**** Records supplied ****

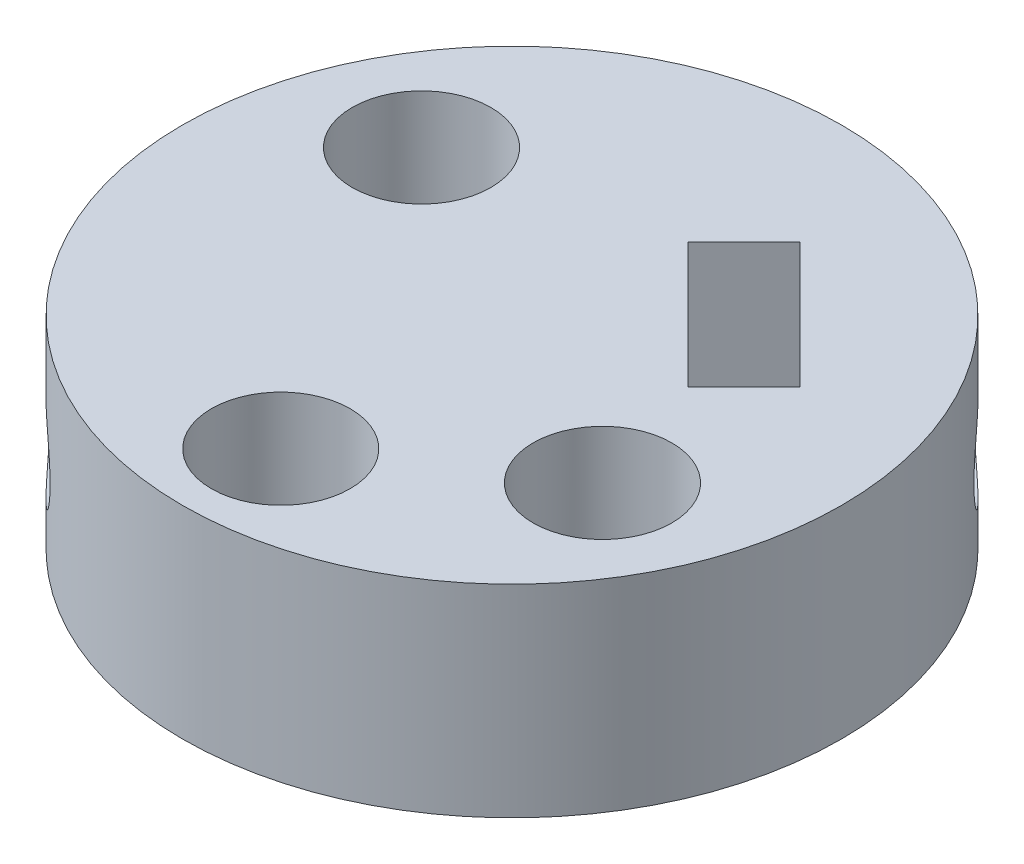
SolidWorks part; units mm, degrees
material "ABS"
ref_plane "Plano frontal" through (0, 0, 0) normal (0, 0, 1) x (1, 0, 0)
ref_plane "Plano superior" through (0, 0, 0) normal (0, 1, 0) x (1, 0, 0)
ref_plane "Plano direito" through (0, 0, 0) normal (1, 0, 0) x (0, 0, -1)
sketch "Esboço1" plane through (0, 0, 0) normal (0, 1, 0) x (1, 0, 0)
  circle A4 centre (-6.59, 3.46) radius 2.4
  circle A6 centre (6.59, -3.46) radius 2.4
  circle A8 centre (0, -8) radius 2.4
sketch "Esboço2" plane through (0, 0, 0) normal (0, 1, 0) x (1, 0, 0)
  circle A0 centre (0, 0) radius 11.4
extrude "Ressalto-extrusão3" add sketch "Esboço2" along normal blind 7
extrude "Corte-extrusão4" cut sketch "Esboço1" along normal blind 15 contours A6 | A4 | A8
sketch "Esboço3" plane through (0, 7, 0) normal (0, 1, 0) x (1, 0, 0)
  line L2 (0.8, 0.8) -> (0.8, 2.2627)
  line L3 (-0.8, 0.8) -> (-0.8, 2.2627)
  line L4 (-0.8, 2.2627) -> (-0.8, 0.8)
  line L5 (0.8, -0.8) -> (0.8, -2.2627)
  line L8 (0.8, 0.8) -> (2.2627, 0.8)
  line L9 (2.2627, 0.8) -> (0.8, 0.8)
  line L10 (0.8, -0.8) -> (2.2627, -0.8)
  line L11 (2.2627, -0.8) -> (0.8, -0.8)
  line L12 (-0.8, -0.8) -> (-2.2627, -0.8)
  line L13 (-0.8, 0.8) -> (-2.2627, 0.8)
  line L14 (-0.8, -0.8) -> (-0.8, -2.2627)
  arc A0 (0.8, 2.2627) -> (-0.8, 2.2627) centre (0, 0) ccw
  arc A1 (-2.2627, 0.8) -> (-2.2627, -0.8) centre (0, 0) ccw
  arc A2 (-0.8, -2.2627) -> (0.8, -2.2627) centre (0, 0) ccw
  arc A3 (2.2627, -0.8) -> (2.2627, 0.8) centre (0, 0) ccw
extrude "Ressalto-extrusão4" [suppressed] add sketch "Esboço3" along normal blind 9 contours L10 A3 L8 L2 A0 L3 L13 A1 L12 L14 A2 L5
sketch "Esboço4" plane through (0, 0, 0) normal (0, -1, 0) x (-1, 0, 0)
  circle A1 centre (0, 0) radius 2
sketch "Esboço6" plane through (0, 0, 0) normal (0, -1, 0) x (1, 0, 0)
  circle A0 centre (0, 0) radius 4.3
extrude "Ressalto-extrusão5" add sketch "Esboço6" along normal blind 2
extrude "Corte-extrusão7" cut sketch "Esboço4" against normal blind 5.05 and the other way blind 4
sketch "Esboço7" plane through (0, 0, 0) normal (0, -1, 0) x (1, 0, 0)
  line L0 (0, 0) -> (3.0406, -3.0406) construction
  line L1 (3.0406, -3.0406) -> (5.1972, -0.8839)
  line L2 (3.0406, -3.0406) -> (0.8485, -5.2326)
  line L3 (0.8485, -5.2326) -> (2.7931, -7.1771)
  line L4 (5.1972, -0.8839) -> (7.1418, -2.8284)
  line L5 (7.1418, -2.8284) -> (2.7931, -7.1771)
extrude "Corte-extrusão8" cut sketch "Esboço7" against normal blind 10.5 contours L5 L4 L1 L2 L3 region at (3.9952, 0, -4.0305)
sketch "Esboço8" plane through (3.0406, 0, -3.0406) normal (0.7071, 0, -0.7071) x (-0.7071, 0, -0.7071)
  line L0 (3.1, 0) -> (0, 0) construction
  circle A0 centre (0, 3) radius 1.5
  dimension "D1" = 3
extrude "Corte-extrusão9" cut sketch "Esboço8" against normal blind 20 and the other way blind 9
fillet "Filete1" radius 0.9 2 edges at (0, -2, -4.3) (0, 0, 4.3) tangent propagation no
sketch "Esboço9" plane through (0, 0, 0) normal (0, -1, 0) x (1, 0, 0)
  circle A0 centre (6.59, 3.46) radius 2.8
  circle A1 centre (0, 8) radius 2.8
  circle A3 centre (-6.59, -3.46) radius 2.8
extrude "Corte-extrusão10" cut sketch "Esboço9" against normal blind 1.65

****

§ What you need to do: From the entries, report every line in which the string "extrude" occurs.

§ Task output:
extrude "Ressalto-extrusão3" add sketch "Esboço2" along normal blind 7
extrude "Corte-extrusão4" cut sketch "Esboço1" along normal blind 15 contours A6 | A4 | A8
extrude "Ressalto-extrusão4" [suppressed] add sketch "Esboço3" along normal blind 9 contours L10 A3 L8 L2 A0 L3 L13 A1 L12 L14 A2 L5
extrude "Ressalto-extrusão5" add sketch "Esboço6" along normal blind 2
extrude "Corte-extrusão7" cut sketch "Esboço4" against normal blind 5.05 and the other way blind 4
extrude "Corte-extrusão8" cut sketch "Esboço7" against normal blind 10.5 contours L5 L4 L1 L2 L3 region at (3.9952, 0, -4.0305)
extrude "Corte-extrusão9" cut sketch "Esboço8" against normal blind 20 and the other way blind 9
extrude "Corte-extrusão10" cut sketch "Esboço9" against normal blind 1.65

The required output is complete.